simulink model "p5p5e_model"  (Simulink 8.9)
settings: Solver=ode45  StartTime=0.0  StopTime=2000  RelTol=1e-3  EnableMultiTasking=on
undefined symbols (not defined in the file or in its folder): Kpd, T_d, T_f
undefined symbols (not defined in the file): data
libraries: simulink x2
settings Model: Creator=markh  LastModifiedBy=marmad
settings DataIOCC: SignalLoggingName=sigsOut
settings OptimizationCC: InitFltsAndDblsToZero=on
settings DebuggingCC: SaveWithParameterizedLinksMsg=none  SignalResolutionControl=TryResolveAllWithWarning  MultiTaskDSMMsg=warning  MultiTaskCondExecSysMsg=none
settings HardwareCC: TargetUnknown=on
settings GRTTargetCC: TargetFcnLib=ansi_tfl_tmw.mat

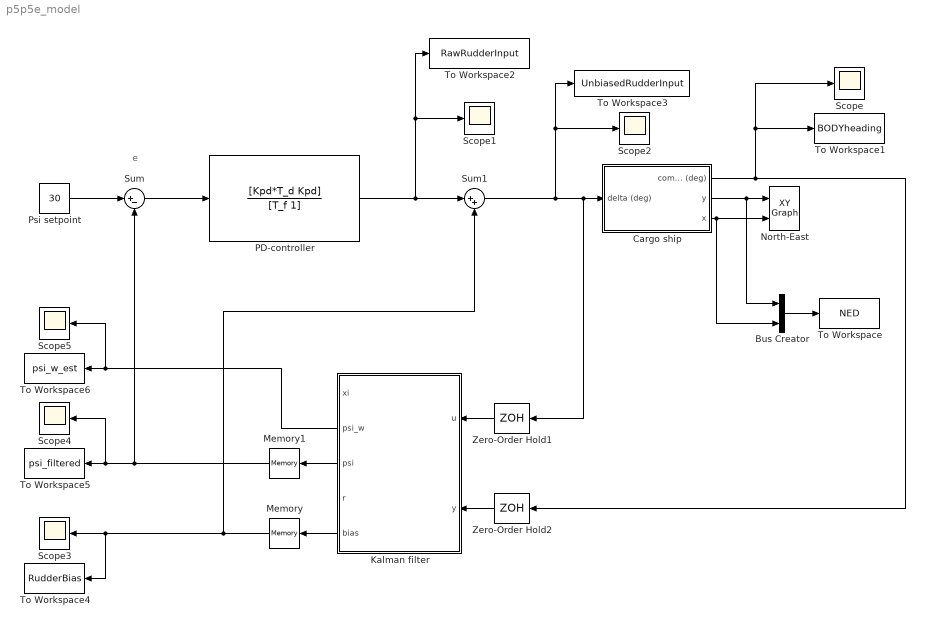
== system p5p5e_model ==
  note: e
  Bus Creator : BusCreator  Inputs=2
  Cargo ship : Subsystem  mask(Simple shipmodel for a cargo ship){noise=on, current=on, logic=on}
      mask prompts: noise "measurement noise"; logic "waves"
      mask help:
      | Measurement noise:
      | 	checked = noise on
      | 	unchecked = noise off
      |
      | Current:
      | 	checked = current on
      | 	unchecked = current off
      |
      | Waves:
      | 	checked = waves on
      | 	unchecked = waves off
      |
      | Author: Jørgen Spjøtvold, 9/10-2003
      | TTK 4115 Linear system theory.
      | Modified by Jostein Bakkeheim 26/10-2006
  Kalman filter : MATLAB Function  TreatAsAtomicUnit=on  mask{data=data}
      mask prompts: data "data struct"
  Memory : Memory  InheritSampleTime=on
  Memory1 : Memory  InheritSampleTime=on
  North-East : simulink/Sinks/XY Graph  xmin=-5000  xmax=7000  ymin=-5000  ymax=5000  st=-1
  PD-controller : TransferFcn  Numerator=[Kpd*T_d Kpd]  Denominator=[T_f 1]
  Psi setpoint : Constant  Value=30
  Scope{,1..5} (6 alike) : Scope
  Sum : Sum  Inputs=|+-
  Sum1 : Sum  Inputs=|++
  To Workspace : ToWorkspace  VariableName=NED  SaveFormat=Timeseries  SampleTime=-1
  To Workspace1 : ToWorkspace  VariableName=BODYheading  SaveFormat=Timeseries  SampleTime=-1
  To Workspace2 : ToWorkspace  VariableName=RawRudderInput  SaveFormat=Timeseries  SampleTime=-1
  To Workspace3 : ToWorkspace  VariableName=UnbiasedRudderInput  SaveFormat=Timeseries  SampleTime=-1
  To Workspace4 : ToWorkspace  VariableName=RudderBias  SaveFormat=Timeseries  SampleTime=-1
  To Workspace5 : ToWorkspace  VariableName=psi_filtered  SaveFormat=Timeseries  SampleTime=-1
  To Workspace6 : ToWorkspace  VariableName=psi_w_est  SaveFormat=Timeseries  SampleTime=-1
  Zero-Order Hold1 : ZeroOrderHold  SampleTime=0.1
  Zero-Order Hold2 : ZeroOrderHold  SampleTime=0.1
  wires:
  Cargo ship/3(x) -> North-East/2, Bus Creator/2
  Cargo ship/2(y) -> Bus Creator/1, North-East/1
  Cargo ship/1(compass (deg)) -> To Workspace1/1, Scope/1, Zero-Order Hold2/1
  Bus Creator/1 -> To Workspace/1
  Psi setpoint/1 -> Sum/1
  Sum/1 -> PD-controller/1
  Zero-Order Hold1/1 -> Kalman filter/1(u)
  Zero-Order Hold2/1 -> Kalman filter/2(y)
  PD-controller/1 -> Sum1/1, To Workspace2/1, Scope1/1
  Kalman filter/5(bias) -> Memory/1
  Kalman filter/3(psi) -> Memory1/1
  Memory/1 -> Sum1/2, To Workspace4/1, Scope3/1
  Memory1/1 -> Sum/2, Scope4/1, To Workspace5/1
  Sum1/1 -> Zero-Order Hold1/1, Cargo ship/1(delta (deg)), Scope2/1, To Workspace3/1
  Kalman filter/2(psi_w) -> Scope5/1, To Workspace6/1

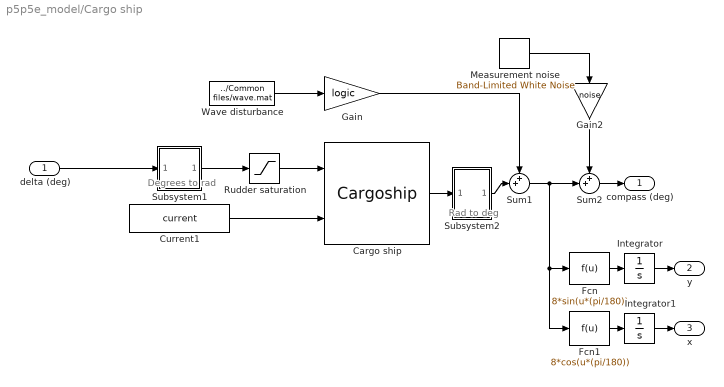
== system p5p5e_model/Cargo ship ==
  note: Degrees to rad
  note: Rad to deg
  delta (deg) : Inport
  Cargo ship : S-Function  FunctionName=Cargoship  SFunctionDeploymentMode=off  EnableBusSupport=off  mask(Cargo ship){}
      mask help:
      | S-function which simulates a cargo ship.
      |
      | Author: Jørgen Spjøtvold
      | 20.10-2003
      | Modified by Jostein Bakkeheim 27.10.2006
  Current1 : Constant  Value=current
  Fcn : Fcn  Expr=8*sin(u*(pi/180))
  Fcn1 : Fcn  Expr=8*cos(u*(pi/180))
  Gain : Gain  Gain=logic  SaturateOnIntegerOverflow=on  OutDataTypeStr=Inherit: Same as input  ParamDataTypeStr=Inherit: Same as input
  Gain2 : Gain  Gain=noise  SaturateOnIntegerOverflow=on  OutDataTypeStr=Inherit: Same as input  ParamDataTypeStr=Inherit: Same as input
  Integrator : Integrator
  Integrator1 : Integrator
  Measurement noise : simulink/Sources/Band-Limited White Noise  Cov=[0.001]  Ts=.5  seed=[23341]
  Rudder saturation : Saturate  UpperLimit=45*(pi/180)  LowerLimit=-45*(pi/180)
  Subsystem1 : Subsystem  mask(degrees to radians){}
      mask help: Converts degrees to radians
      mask Display: fprintf('D2R');
  Subsystem2 : Subsystem  mask(radians to degrees){}
      mask help: Converts radians to degrees
      mask Display: fprintf('R2D');
  Sum1 : Sum  Inputs=++|  SaturateOnIntegerOverflow=on
  Sum2 : Sum  Inputs=++|  SaturateOnIntegerOverflow=on
  Wave disturbance : FromFile  FileName=../Common files/wave.mat  SampleTime=0
  compass (deg) : Outport
  y : Outport  Port=2
  x : Outport  Port=3
  wires:
  delta (deg)/1 -> Subsystem1/1(In1)
  Fcn/1 -> Integrator/1
  Integrator/1 -> y/1
  Fcn1/1 -> Integrator1/1
  Integrator1/1 -> x/1
  Wave disturbance/1 -> Gain/1
  Subsystem2/1(Out1) -> Sum1/2
  Gain/1 -> Sum1/1
  Sum1/1 -> Fcn/1, Fcn1/1, Sum2/2
  Cargo ship/1 -> Subsystem2/1(In1)
  Subsystem1/1(Out1) -> Rudder saturation/1
  Rudder saturation/1 -> Cargo ship/1
  Sum2/1 -> compass (deg)/1
  Measurement noise/1 -> Gain2/1
  Gain2/1 -> Sum2/1
  Current1/1 -> Cargo ship/2

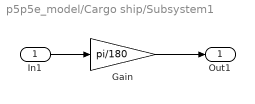
== system p5p5e_model/Cargo ship/Subsystem1 ==
  In1 : Inport
  Gain : Gain  Gain=pi/180  SaturateOnIntegerOverflow=on  OutDataTypeStr=Inherit: Same as input  ParamDataTypeStr=Inherit: Same as input
  Out1 : Outport
  wires:
  Gain/1 -> Out1/1
  In1/1 -> Gain/1

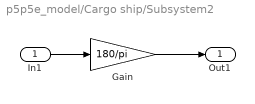
== system p5p5e_model/Cargo ship/Subsystem2 ==
  In1 : Inport
  Gain : Gain  Gain=180/pi  SaturateOnIntegerOverflow=on  OutDataTypeStr=Inherit: Same as input  ParamDataTypeStr=Inherit: Same as input
  Out1 : Outport
  wires:
  Gain/1 -> Out1/1
  In1/1 -> Gain/1

== matlab function Kalman filter ==
  settings: updateMethod=DISCRETE  sampleTime=Ts
  data: xi output double; psi_w output double; u input double; psi output double; r output double; y input double; data parameter double; bias output double
function [xi, psi_w, psi, r, bias] = fcn(u,y,data)
persistent xpri xhat P;

A = data.A;
B = data.B;
C = data.C;
Q = data.Q;
R = data.R;
I = data.I;
if isempty(xpri)
    xpri = data.xhat0;
    P = data.P;
end

K = P*C'/(C*P*C' + R);
xhat = xpri + K*(y - C*xpri);
P = (I - K*C)*P*(I - K*C)' + K*R*K';

xpri = A*xhat + B*u;
P = A*P*A' + Q;

xi = xhat(1);
psi_w = xhat(2);
psi = xhat(3);
r = xhat(4);
bias = xhat(5);

——

• _Brief_
Only exact lines belong in the answer: those from the beginning of the entries above through the line holding "Linear system theory.", with no pictures.

• _Finished task_
simulink model "p5p5e_model"  (Simulink 8.9)
settings: Solver=ode45  StartTime=0.0  StopTime=2000  RelTol=1e-3  EnableMultiTasking=on
undefined symbols (not defined in the file or in its folder): Kpd, T_d, T_f
undefined symbols (not defined in the file): data
libraries: simulink x2
settings Model: Creator=markh  LastModifiedBy=marmad
settings DataIOCC: SignalLoggingName=sigsOut
settings OptimizationCC: InitFltsAndDblsToZero=on
settings DebuggingCC: SaveWithParameterizedLinksMsg=none  SignalResolutionControl=TryResolveAllWithWarning  MultiTaskDSMMsg=warning  MultiTaskCondExecSysMsg=none
settings HardwareCC: TargetUnknown=on
settings GRTTargetCC: TargetFcnLib=ansi_tfl_tmw.mat

== system p5p5e_model ==
  note: e
  Bus Creator : BusCreator  Inputs=2
  Cargo ship : Subsystem  mask(Simple shipmodel for a cargo ship){noise=on, current=on, logic=on}
      mask prompts: noise "measurement noise"; logic "waves"
      mask help:
      | Measurement noise:
      | 	checked = noise on
      | 	unchecked = noise off
      |
      | Current:
      | 	checked = current on
      | 	unchecked = current off
      |
      | Waves:
      | 	checked = waves on
      | 	unchecked = waves off
      |
      | Author: Jørgen Spjøtvold, 9/10-2003
      | TTK 4115 Linear system theory.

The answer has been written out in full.